**Material provided**

= Beginning of Section =

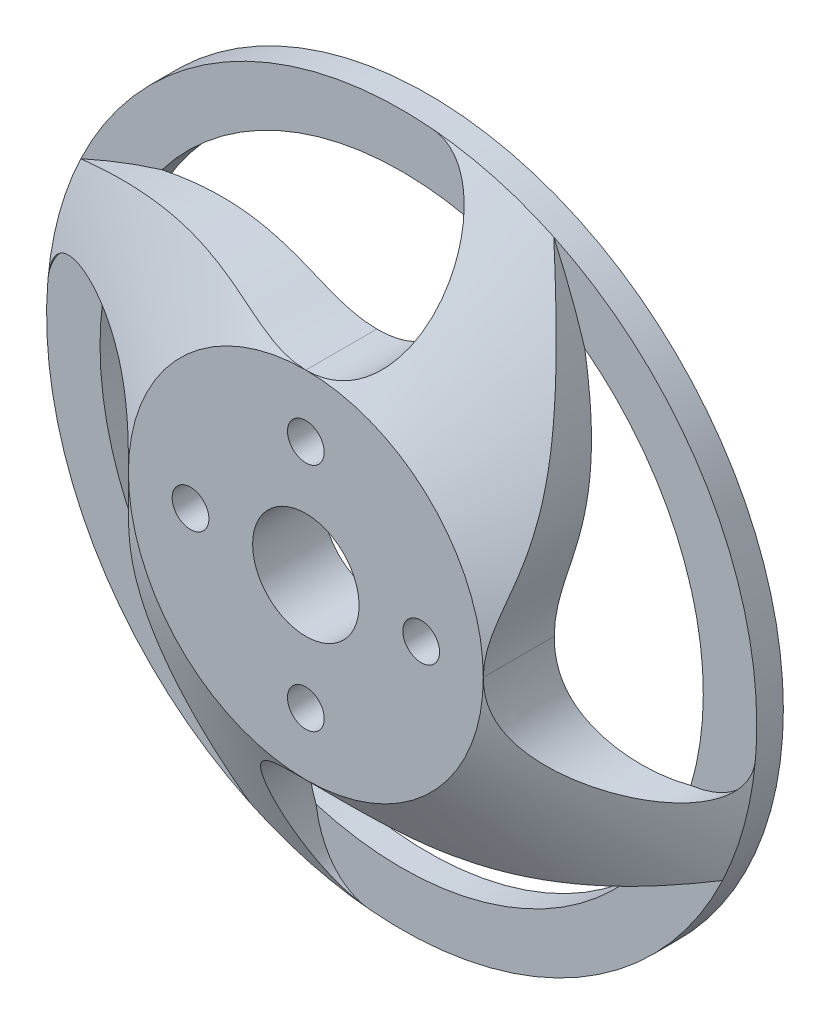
ISO-10303-21;
HEADER;
FILE_DESCRIPTION(('STEP AP214'),'2;1');
FILE_NAME('part.step','',(''),(''),'','','');
FILE_SCHEMA(('AUTOMOTIVE_DESIGN { 1 0 10303 214 1 1 1 1 }'));
ENDSEC;
DATA;
#1=APPLICATION_CONTEXT('core data for automotive mechanical design processes');
#2=APPLICATION_PROTOCOL_DEFINITION('international standard','automotive_design',2000,#1);
#3=PRODUCT_CONTEXT('',#1,'mechanical');
#4=PRODUCT('Part','Part','',(#3));
#5=PRODUCT_RELATED_PRODUCT_CATEGORY('part','',(#4));
#6=PRODUCT_DEFINITION_FORMATION('','',#4);
#7=PRODUCT_DEFINITION_CONTEXT('part definition',#1,'design');
#8=PRODUCT_DEFINITION('design','',#6,#7);
#9=PRODUCT_DEFINITION_SHAPE('','',#8);
#10=(LENGTH_UNIT() NAMED_UNIT(*) SI_UNIT(.MILLI.,.METRE.));
#11=(NAMED_UNIT(*) PLANE_ANGLE_UNIT() SI_UNIT($,.RADIAN.));
#12=(NAMED_UNIT(*) SI_UNIT($,.STERADIAN.) SOLID_ANGLE_UNIT());
#13=UNCERTAINTY_MEASURE_WITH_UNIT(LENGTH_MEASURE(1.E-05),#10,'distance_accuracy_value','');
#14=(GEOMETRIC_REPRESENTATION_CONTEXT(3) GLOBAL_UNCERTAINTY_ASSIGNED_CONTEXT((#13)) GLOBAL_UNIT_ASSIGNED_CONTEXT((#10,
#11,#12)) REPRESENTATION_CONTEXT('',''));
#15=CARTESIAN_POINT('',(0.,0.,0.));
#16=DIRECTION('',(0.,0.,1.));
#17=DIRECTION('',(1.,0.,0.));
#18=AXIS2_PLACEMENT_3D('',#15,#16,#17);
#19=CARTESIAN_POINT('',(13.,0.,13.8));
#20=DIRECTION('',(0.,0.,-1.));
#21=DIRECTION('',(-1.,0.,0.));
#22=AXIS2_PLACEMENT_3D('',#19,#20,#21);
#23=CYLINDRICAL_SURFACE('',#22,2.0701);
#24=CARTESIAN_POINT('',(13.,0.,13.8));
#25=DIRECTION('',(0.,0.,-1.));
#26=DIRECTION('',(-1.,0.,0.));
#27=AXIS2_PLACEMENT_3D('',#24,#25,#26);
#28=CIRCLE('',#27,2.0701);
#29=CARTESIAN_POINT('',(10.9299,0.,13.8));
#30=VERTEX_POINT('',#29);
#31=EDGE_CURVE('E24',#30,#30,#28,.T.);
#32=ORIENTED_EDGE('',*,*,#31,.F.);
#33=EDGE_LOOP('',(#32));
#34=FACE_BOUND('',#33,.T.);
#35=CARTESIAN_POINT('',(13.,0.,5.80000000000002));
#36=DIRECTION('',(0.,0.,-1.));
#37=DIRECTION('',(-1.,0.,0.));
#38=AXIS2_PLACEMENT_3D('',#35,#36,#37);
#39=CIRCLE('',#38,2.0701);
#40=CARTESIAN_POINT('',(10.9299,0.,5.80000000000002));
#41=VERTEX_POINT('',#40);
#42=EDGE_CURVE('E500',#41,#41,#39,.T.);
#43=ORIENTED_EDGE('',*,*,#42,.T.);
#44=EDGE_LOOP('',(#43));
#45=FACE_BOUND('',#44,.T.);
#46=ADVANCED_FACE('F17',(#34,#45),#23,.F.);
#47=CARTESIAN_POINT('',(0.,-13.,13.8));
#48=DIRECTION('',(0.,0.,-1.));
#49=DIRECTION('',(-1.,0.,0.));
#50=AXIS2_PLACEMENT_3D('',#47,#48,#49);
#51=CYLINDRICAL_SURFACE('',#50,2.0701);
#52=CARTESIAN_POINT('',(0.,-13.,13.8));
#53=DIRECTION('',(0.,0.,-1.));
#54=DIRECTION('',(-1.,0.,0.));
#55=AXIS2_PLACEMENT_3D('',#52,#53,#54);
#56=CIRCLE('',#55,2.0701);
#57=CARTESIAN_POINT('',(-2.0701,-13.,13.8));
#58=VERTEX_POINT('',#57);
#59=EDGE_CURVE('E515',#58,#58,#56,.T.);
#60=ORIENTED_EDGE('',*,*,#59,.F.);
#61=EDGE_LOOP('',(#60));
#62=FACE_BOUND('',#61,.T.);
#63=CARTESIAN_POINT('',(0.,-13.,5.80000000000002));
#64=DIRECTION('',(0.,0.,-1.));
#65=DIRECTION('',(-1.,0.,0.));
#66=AXIS2_PLACEMENT_3D('',#63,#64,#65);
#67=CIRCLE('',#66,2.0701);
#68=CARTESIAN_POINT('',(-2.0701,-13.,5.80000000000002));
#69=VERTEX_POINT('',#68);
#70=EDGE_CURVE('E526',#69,#69,#67,.T.);
#71=ORIENTED_EDGE('',*,*,#70,.T.);
#72=EDGE_LOOP('',(#71));
#73=FACE_BOUND('',#72,.T.);
#74=ADVANCED_FACE('F192',(#62,#73),#51,.F.);
#75=CARTESIAN_POINT('',(-13.,0.,13.8));
#76=DIRECTION('',(0.,0.,-1.));
#77=DIRECTION('',(-1.,0.,0.));
#78=AXIS2_PLACEMENT_3D('',#75,#76,#77);
#79=CYLINDRICAL_SURFACE('',#78,2.0701);
#80=CARTESIAN_POINT('',(-13.,0.,13.8));
#81=DIRECTION('',(0.,0.,-1.));
#82=DIRECTION('',(-1.,0.,0.));
#83=AXIS2_PLACEMENT_3D('',#80,#81,#82);
#84=CIRCLE('',#83,2.0701);
#85=CARTESIAN_POINT('',(-15.0701,0.,13.8));
#86=VERTEX_POINT('',#85);
#87=EDGE_CURVE('E509',#86,#86,#84,.T.);
#88=ORIENTED_EDGE('',*,*,#87,.F.);
#89=EDGE_LOOP('',(#88));
#90=FACE_BOUND('',#89,.T.);
#91=CARTESIAN_POINT('',(-13.,0.,5.80000000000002));
#92=DIRECTION('',(0.,0.,-1.));
#93=DIRECTION('',(-1.,0.,0.));
#94=AXIS2_PLACEMENT_3D('',#91,#92,#93);
#95=CIRCLE('',#94,2.0701);
#96=CARTESIAN_POINT('',(-15.0701,0.,5.80000000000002));
#97=VERTEX_POINT('',#96);
#98=EDGE_CURVE('E528',#97,#97,#95,.T.);
#99=ORIENTED_EDGE('',*,*,#98,.T.);
#100=EDGE_LOOP('',(#99));
#101=FACE_BOUND('',#100,.T.);
#102=ADVANCED_FACE('F196',(#90,#101),#79,.F.);
#103=CARTESIAN_POINT('',(0.,13.,13.8));
#104=DIRECTION('',(0.,0.,-1.));
#105=DIRECTION('',(-1.,0.,0.));
#106=AXIS2_PLACEMENT_3D('',#103,#104,#105);
#107=CYLINDRICAL_SURFACE('',#106,2.0701);
#108=CARTESIAN_POINT('',(0.,13.,13.8));
#109=DIRECTION('',(0.,0.,-1.));
#110=DIRECTION('',(-1.,0.,0.));
#111=AXIS2_PLACEMENT_3D('',#108,#109,#110);
#112=CIRCLE('',#111,2.0701);
#113=CARTESIAN_POINT('',(-2.0701,13.,13.8));
#114=VERTEX_POINT('',#113);
#115=EDGE_CURVE('E505',#114,#114,#112,.T.);
#116=ORIENTED_EDGE('',*,*,#115,.F.);
#117=EDGE_LOOP('',(#116));
#118=FACE_BOUND('',#117,.T.);
#119=CARTESIAN_POINT('',(0.,13.,5.80000000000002));
#120=DIRECTION('',(0.,0.,-1.));
#121=DIRECTION('',(-1.,0.,0.));
#122=AXIS2_PLACEMENT_3D('',#119,#120,#121);
#123=CIRCLE('',#122,2.0701);
#124=CARTESIAN_POINT('',(-2.0701,13.,5.80000000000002));
#125=VERTEX_POINT('',#124);
#126=EDGE_CURVE('E532',#125,#125,#123,.T.);
#127=ORIENTED_EDGE('',*,*,#126,.T.);
#128=EDGE_LOOP('',(#127));
#129=FACE_BOUND('',#128,.T.);
#130=ADVANCED_FACE('F200',(#118,#129),#107,.F.);
#131=CARTESIAN_POINT('',(0.,0.,13.8));
#132=DIRECTION('',(0.,0.,-1.));
#133=DIRECTION('',(-1.,0.,0.));
#134=AXIS2_PLACEMENT_3D('',#131,#132,#133);
#135=CYLINDRICAL_SURFACE('',#134,6.);
#136=CARTESIAN_POINT('',(0.,0.,13.8));
#137=DIRECTION('',(0.,0.,-1.));
#138=DIRECTION('',(-1.,0.,0.));
#139=AXIS2_PLACEMENT_3D('',#136,#137,#138);
#140=CIRCLE('',#139,6.);
#141=CARTESIAN_POINT('',(-6.,0.,13.8));
#142=VERTEX_POINT('',#141);
#143=EDGE_CURVE('E503',#142,#142,#140,.T.);
#144=ORIENTED_EDGE('',*,*,#143,.F.);
#145=EDGE_LOOP('',(#144));
#146=FACE_BOUND('',#145,.T.);
#147=CARTESIAN_POINT('',(0.,0.,5.80000000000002));
#148=DIRECTION('',(0.,0.,-1.));
#149=DIRECTION('',(-1.,0.,0.));
#150=AXIS2_PLACEMENT_3D('',#147,#148,#149);
#151=CIRCLE('',#150,6.);
#152=CARTESIAN_POINT('',(-6.,0.,5.80000000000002));
#153=VERTEX_POINT('',#152);
#154=EDGE_CURVE('E119',#153,#153,#151,.T.);
#155=ORIENTED_EDGE('',*,*,#154,.T.);
#156=EDGE_LOOP('',(#155));
#157=FACE_BOUND('',#156,.T.);
#158=ADVANCED_FACE('F188',(#146,#157),#135,.F.);
#159=CARTESIAN_POINT('',(0.,10.,13.8));
#160=DIRECTION('',(0.,0.,1.));
#161=DIRECTION('',(1.,0.,0.));
#162=AXIS2_PLACEMENT_3D('',#159,#160,#161);
#163=PLANE('',#162);
#164=ORIENTED_EDGE('',*,*,#143,.T.);
#165=EDGE_LOOP('',(#164));
#166=FACE_BOUND('',#165,.T.);
#167=ORIENTED_EDGE('',*,*,#115,.T.);
#168=EDGE_LOOP('',(#167));
#169=FACE_BOUND('',#168,.T.);
#170=ORIENTED_EDGE('',*,*,#87,.T.);
#171=EDGE_LOOP('',(#170));
#172=FACE_BOUND('',#171,.T.);
#173=ORIENTED_EDGE('',*,*,#59,.T.);
#174=EDGE_LOOP('',(#173));
#175=FACE_BOUND('',#174,.T.);
#176=ORIENTED_EDGE('',*,*,#31,.T.);
#177=EDGE_LOOP('',(#176));
#178=FACE_BOUND('',#177,.T.);
#179=CARTESIAN_POINT('',(0.,0.,13.8000000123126));
#180=DIRECTION('',(0.,0.,-1.));
#181=DIRECTION('',(-1.,0.,0.));
#182=AXIS2_PLACEMENT_3D('',#179,#180,#181);
#183=CIRCLE('',#182,20.0000000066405);
#184=CARTESIAN_POINT('',(0.,-20.0000000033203,13.8000000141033));
#185=VERTEX_POINT('',#184);
#186=CARTESIAN_POINT('',(-20.0000000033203,0.,13.8000000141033));
#187=VERTEX_POINT('',#186);
#188=EDGE_CURVE('E150',#185,#187,#183,.T.);
#189=ORIENTED_EDGE('',*,*,#188,.F.);
#190=CARTESIAN_POINT('',(0.,0.,13.8000000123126));
#191=DIRECTION('',(0.,0.,-1.));
#192=DIRECTION('',(-1.,0.,0.));
#193=AXIS2_PLACEMENT_3D('',#190,#191,#192);
#194=CIRCLE('',#193,20.0000000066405);
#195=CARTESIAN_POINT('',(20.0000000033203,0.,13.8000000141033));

= End of Section =

**What you should do**
Copy out the range of lines above starting at the line with "#119=CARTESIAN_POINT('',(0.,13.,5.80000000000002));" and ending at the line with "#130=ADVANCED_FACE('F200',(#118,#129),#107,.F.);", exactly and including both.

**Answer box**
#119=CARTESIAN_POINT('',(0.,13.,5.80000000000002));
#120=DIRECTION('',(0.,0.,-1.));
#121=DIRECTION('',(-1.,0.,0.));
#122=AXIS2_PLACEMENT_3D('',#119,#120,#121);
#123=CIRCLE('',#122,2.0701);
#124=CARTESIAN_POINT('',(-2.0701,13.,5.80000000000002));
#125=VERTEX_POINT('',#124);
#126=EDGE_CURVE('E532',#125,#125,#123,.T.);
#127=ORIENTED_EDGE('',*,*,#126,.T.);
#128=EDGE_LOOP('',(#127));
#129=FACE_BOUND('',#128,.T.);
#130=ADVANCED_FACE('F200',(#118,#129),#107,.F.);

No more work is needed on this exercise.